README ¶
Dataflow flex templates - Wordcount
📝 Docs: Using Flex Templates
Samples showing how to create and run an Apache Beam template with a custom Docker image on Google Cloud Dataflow.
Before you begin
Follow the
Getting started with Google Cloud Dataflow
page, and make sure you have a Google Cloud project with billing enabled
and a service account JSON key set up in your GOOGLE_APPLICATION_CREDENTIALS
environment variable.
Additionally, for this sample you need the following:
-
Enable the APIs: App Engine, Cloud Build.
-
Create a Cloud Storage bucket.
export BUCKET="your-gcs-bucket" gsutil mb gs://$BUCKET
-
Clone the
golang-samples
repository and navigate to the code sample.git clone https://github.com/GoogleCloudPlatform/golang-samples.git cd golang-samples/dataflow/flex-templates/wordcount
Wordcount sample
This sample shows how to deploy an Apache Beam streaming pipeline that reads text files from Google Cloud Storage, counts the occurences of each word in the text, and outputs the results back to Google Cloud Storage.
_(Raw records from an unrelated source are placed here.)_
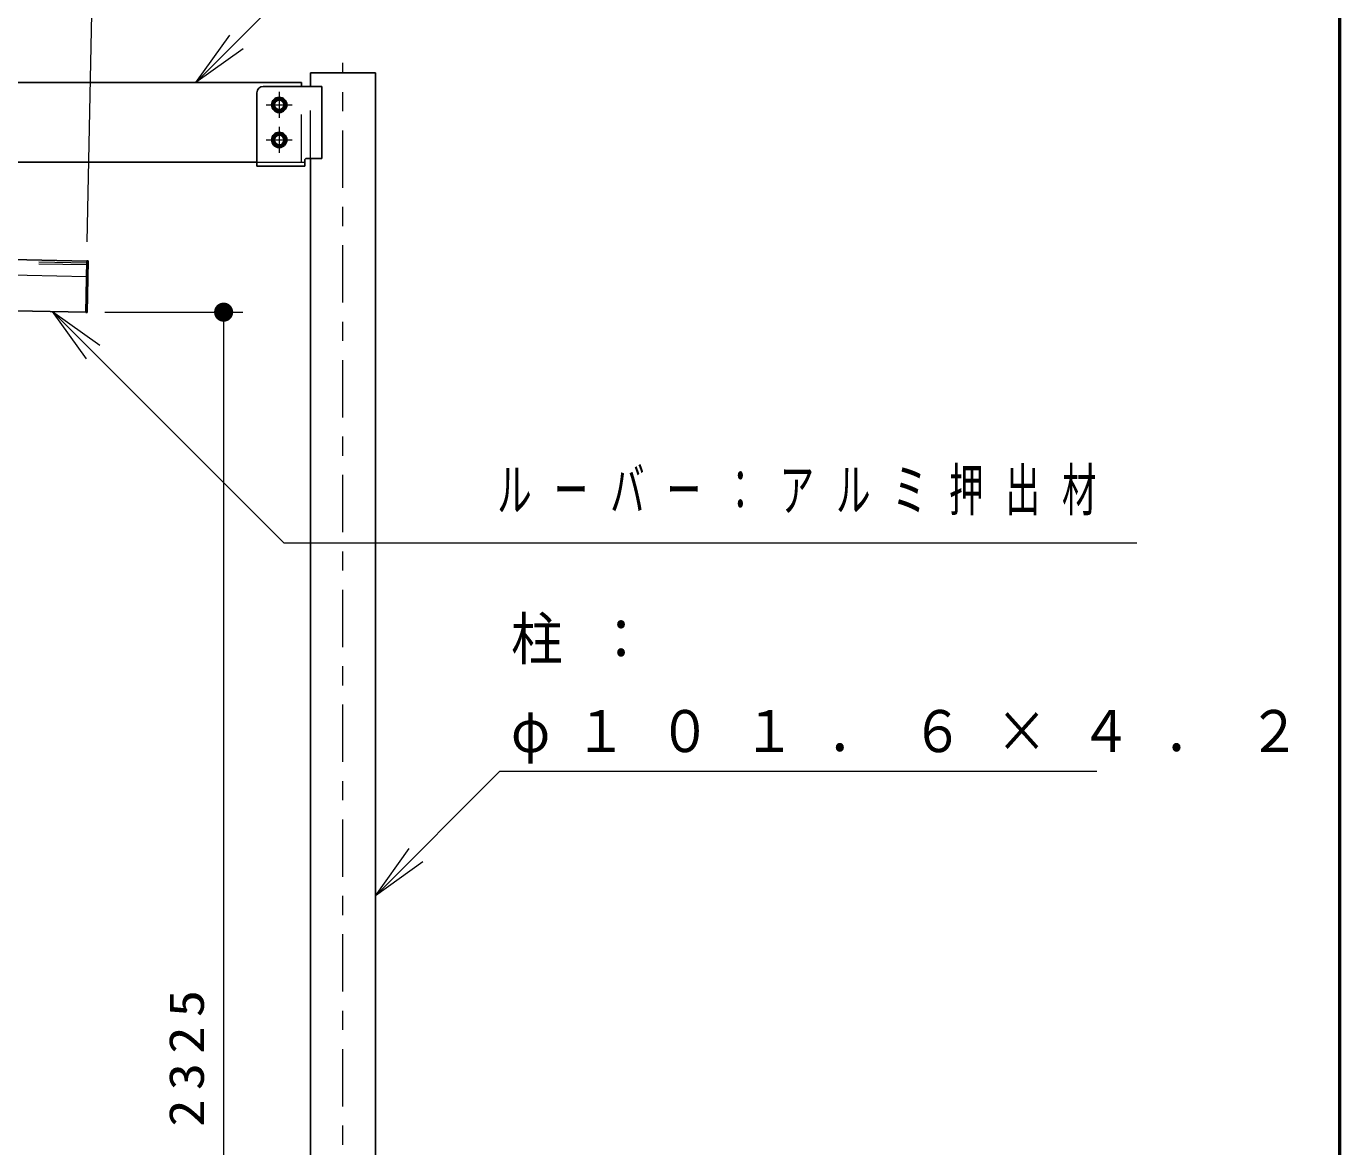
# Model space of a CAD drawing. Units: millimetres on the paper, with parts at other scales. Extents: x -385 to 0, y 0 to 267.
# Drawn here: x -68.6 to 0, y 115.8 to 174.3 of the extents above; entities that cross this region are included whole.
import ezdxf

# ---------------------------------------------------------------- set-up
doc = ezdxf.new("R2010")
doc.units = ezdxf.units.MM
doc.linetypes.add('USER1', pattern=[4.5, 2.5, -2])
doc.linetypes.add('USER2', pattern=[6, 3, -1, 1, -1])
doc.layers.add('LY_1', color=4, linetype='Continuous', lineweight=25)
doc.layers.add('LY_2', color=7, linetype='Continuous', lineweight=13)
doc.styles.add('ＭＳ ゴシック', font='')
doc.styles.get('ＭＳ ゴシック').set_extended_font_data('MS Gothic')

# ---------------------------------------------------------------- blocks, each defined once
blk = doc.blocks.new('filled_dot')
at = {"color": 0, "linetype": 'Continuous', "lineweight": -2, "const_width": 1.25}
blk.add_lwpolyline([(-0.625, 0, 1), (0.625, 0, 1)], format="xyb", close=True, dxfattribs=at)

msp = doc.modelspace()

# ---------------------------------------------------------------- linework, layer by layer
at = {"layer": 'LY_1', "color": 7, "lineweight": 13}
for p, q in [((-65.448, 163.04), (-64.891, 190.889)), ((-59.768, 171.356), (-58, 173.831)), ((-59.768, 171.356), (-57.647, 173.478)), ((-57.293, 173.124), (-59.768, 171.356)), ((-65.489, 156.917), (-67.257, 159.392)), ((-67.257, 159.392), (-64.782, 157.625)), ((-67.257, 159.392), (-65.136, 157.271)), ((-64.521, 159.358), (-57.316, 159.358)), ((-58.316, 159.358), (-58.316, 81.856)), ((-50.386, 128.864), (-48.619, 131.339)), ((-50.386, 128.864), (-48.265, 130.985)), ((-47.912, 130.632), (-50.386, 128.864))]:
    msp.add_line(p, q, dxfattribs=at)
at = {"layer": 'LY_1', "color": 2, "linetype": 'USER2', "lineweight": 13}
for p, q in [((-52.08, 81.856), (-52.08, 172.388)), ((-55.413, 170.867), (-55.413, 169.511)), ((-56.091, 170.189), (-54.735, 170.189)), ((-55.413, 169.034), (-55.413, 167.678)), ((-56.091, 168.356), (-54.735, 168.356))]:
    msp.add_line(p, q, dxfattribs=at)
at = {"layer": 'LY_1'}
for p, q in [((-53.773, 171.156), (-53.773, 171.856)), ((-50.386, 171.856), (-53.773, 171.856)), ((-50.386, 81.856), (-50.386, 171.856)), ((-56.246, 171.156), (-53.184, 171.156)), ((-53.184, 167.389), (-53.184, 171.156)), ((-56.58, 170.822), (-56.58, 166.989)), ((-56.58, 166.989), (-54.08, 166.989)), ((-54.08, 166.989), (-54.08, 167.289)), ((-53.98, 167.389), (-53.184, 167.389)), ((-53.773, 81.856), (-53.773, 167.389)), ((-65.468, 162.024), (-148.784, 163.69)), ((-65.522, 159.358), (-148.838, 161.024))]:
    msp.add_line(p, q, dxfattribs=at)
at = {"layer": 'LY_1', "color": 70}
for p, q in [((-107.08, 171.356), (-54.246, 171.356)), ((-54.246, 171.156), (-54.246, 171.356)), ((-107.08, 167.19), (-56.58, 167.19))]:
    msp.add_line(p, q, dxfattribs=at)
at = {"layer": 'LY_1', "color": 70, "linetype": 'USER1', "lineweight": 13}
msp.add_line((-54.246, 167.189), (-54.246, 171.156), dxfattribs=at)
at = {"layer": 'LY_1', "linetype": 'USER1', "lineweight": 13}
for p, q in [((-53.773, 167.389), (-53.773, 171.156)), ((-56.58, 167.189), (-54.08, 167.189)), ((-65.472, 161.824), (-148.788, 163.49)), ((-65.47, 161.924), (-148.786, 163.59))]:
    msp.add_line(p, q, dxfattribs=at)
at = {"layer": 'LY_1', "color": 7}
for p, q in [((-55.779, 170.189), (-55.596, 170.506)), ((-55.596, 170.506), (-55.23, 170.506)), ((-55.23, 170.506), (-55.047, 170.189)), ((-55.596, 169.872), (-55.779, 170.189)), ((-55.23, 169.872), (-55.596, 169.872)), ((-55.047, 170.189), (-55.23, 169.872)), ((-55.779, 168.356), (-55.596, 168.672)), ((-55.596, 168.039), (-55.779, 168.356)), ((-55.596, 168.672), (-55.23, 168.672)), ((-55.23, 168.672), (-55.047, 168.356)), ((-55.047, 168.356), (-55.23, 168.039)), ((-55.23, 168.039), (-55.596, 168.039))]:
    msp.add_line(p, q, dxfattribs=at)
at = {"layer": 'LY_1', "lineweight": 13}
msp.add_line((-65.485, 161.208), (-148.801, 162.874), dxfattribs=at)
at = {"layer": 'LY_1', "color": 131}
for p, q in [((-65.522, 159.341), (-65.468, 162.04)), ((-65.468, 162.04), (-65.401, 162.039)), ((-65.455, 159.34), (-65.401, 162.039)), ((-65.522, 159.341), (-65.455, 159.34))]:
    msp.add_line(p, q, dxfattribs=at)
at = {"layer": 'LY_1', "color": 7, "lineweight": 13}
for points in [[(-59.768, 171.356), (-49.619, 181.506), (-12.167, 181.506)], [(-67.257, 159.392), (-55.169, 147.305), (-10.607, 147.305)], [(-50.386, 128.864), (-43.879, 135.372), (-12.689, 135.372)]]:
    msp.add_lwpolyline(points, dxfattribs=at)
at = {"layer": 'LY_1', "color": 7}
for centre, radius in [((-55.413, 170.189), 0.4), ((-55.413, 170.189), 0.317), ((-55.413, 168.356), 0.4), ((-55.413, 168.356), 0.317)]:
    msp.add_circle(centre, radius, dxfattribs=at)
at = {"layer": 'LY_1', "color": 70, "linetype": 'USER1', "lineweight": 13}
for centre, radius in [((-55.413, 170.189), 0.362), ((-55.413, 170.189), 0.268), ((-55.413, 168.356), 0.362), ((-55.413, 168.356), 0.268)]:
    msp.add_circle(centre, radius, dxfattribs=at)
at = {"layer": 'LY_1'}
for centre in [(-55.413, 170.189), (-55.413, 168.356)]:
    msp.add_circle(centre, 0.25, dxfattribs=at)
for centre, radius in [((-56.246, 170.822), 0.333), ((-53.98, 167.289), 0.1)]:
    msp.add_arc(centre, radius, 90, 180, dxfattribs=at)
at = {"layer": 'LY_2', "lineweight": 50}
msp.add_line((0, 0), (0, 267), dxfattribs=at)

# ---------------------------------------------------------------- block references
at = {"layer": 'LY_1', "color": 7, "lineweight": 13, "xscale": 0.4, "yscale": 0.4, "rotation": 270}
msp.add_blockref('filled_dot', (-58.316, 159.358), dxfattribs=at)

# ---------------------------------------------------------------- texts
at = {"layer": 'LY_1', "color": 7, "char_height": 2.199, "attachment_point": 4, "style": 'ＭＳ ゴシック'}
for s, insert in [('\\T1.64;\\W0.6;ルーバー：アルミ押出材', (-44.023, 149.955)), ('\\T1.63;\\W0.9;柱：', (-43.301, 142.172)), ('\\T1.63;\\W0.9;φ１０１．６×４．２', (-43.301, 137.172))]:
    msp.add_mtext(s, dxfattribs=dict(at, insert=insert))
at = {"layer": 'LY_1', "color": 7, "insert": (-59.316, 120.607), "char_height": 1.833, "attachment_point": 8, "rotation": 90, "style": 'ＭＳ ゴシック'}
msp.add_mtext('\\T1.33;\\W1.15;2325', dxfattribs=at)

doc.saveas('drawing.dxf')

Compiling the pipeline code
Go flex templates take compiled binaries when built, meaning that the containers remain small; however, this means that the pipeline code must be compiled for the target environment rather than the machine being used to write the template. For more information, see the Apache Beam SDK documentation on cross-compilation.
We will compile the Go binary to execute on a linux-amd64 architecture used by Dataflow workers.
CGO_ENABLED=0 GOOS=linux GOARCH=amd64 go build -o wordcount .
Building a container image
We will build the Docker image for the Apache Beam pipeline. We are using Cloud Build so we don't need a local installation of Docker.
ℹ️ You can speed up subsequent builds with Kaniko cache in Cloud Build.
# (Optional) Enable to use Kaniko cache by default. gcloud config set builds/use_kaniko True
Cloud Build allows you to
build a Docker image using a Dockerfile
.
and saves it into
Container Registry,
where the image is accessible to other Google Cloud products.
export TEMPLATE_IMAGE="gcr.io/$PROJECT/samples/dataflow/wordcount:latest"
# Build the image into Container Registry, this is roughly equivalent to:
# gcloud auth configure-docker
# docker image build -t $TEMPLATE_IMAGE .
# docker push $TEMPLATE_IMAGE
gcloud builds submit --tag "$TEMPLATE_IMAGE" .
Images starting with gcr.io/PROJECT/
are saved into your project's
Container Registry, where the image is accessible to other Google Cloud products.
Creating a Flex Template
To run a template, you need to create a template spec file containing all the necessary information to run the job, such as the SDK information and metadata.
The metadata.json
file contains additional information for
the template such as the "name", "description", and input "parameters" field.
The template file must be created in a Cloud Storage location, and is used to run a new Dataflow job.
export TEMPLATE_PATH="gs://$BUCKET/samples/dataflow/templates/wordcount.json"
# Build the Flex Template.
gcloud dataflow flex-template build $TEMPLATE_PATH \
--image "$TEMPLATE_IMAGE" \
--sdk-language "GO" \
--metadata-file "metadata.json"
The template is now available through the template file in the Cloud Storage location that you specified.
Running a Dataflow Flex Template pipeline
You can now run the Apache Beam pipeline in Dataflow by referring to the template file and passing the template parameters required by the pipeline. For this pipeline the input is optional and will default to a public storage bucket holding the text of Shakespeare's King Lear.
export REGION="us-central1"
# Run the Flex Template.
gcloud dataflow flex-template run "wordcount-`date +%Y%m%d-%H%M%S`" \
--template-file-gcs-location "$TEMPLATE_PATH" \
--parameters input="projects/$PROJECT/subscriptions/$SUBSCRIPTION" \
--parameters output="gs://$BUCKET/counts.txt" \
--region "$REGION"
Check the results in your GCS bucket by downloading the output:
gcloud alpha storage cp gs://$BUCKET/counts.txt $LOCAL_PATH
Cleaning up
After you've finished this tutorial, you can clean up the resources you created on Google Cloud so you won't be billed for them in the future. The following sections describe how to delete or turn off these resources.
Clean up the Flex template resources
-
Delete the template spec file from Cloud Storage.
gsutil rm $TEMPLATE_PATH
-
Delete the Flex Template container image from Container Registry.
gcloud container images delete $TEMPLATE_IMAGE --force-delete-tags
Clean up Google Cloud project resources
-
Delete the Cloud Storage bucket, this alone does not incur any charges.
⚠️ The following command also deletes all objects in the bucket. These objects cannot be recovered.
gsutil rm -r gs://$BUCKET
Limitations
There are certain limitations that apply to Flex Templates jobs.
📝 Using Flex Templates Google Cloud Dataflow documentation page is the authoritative source for the up-to-date information on that.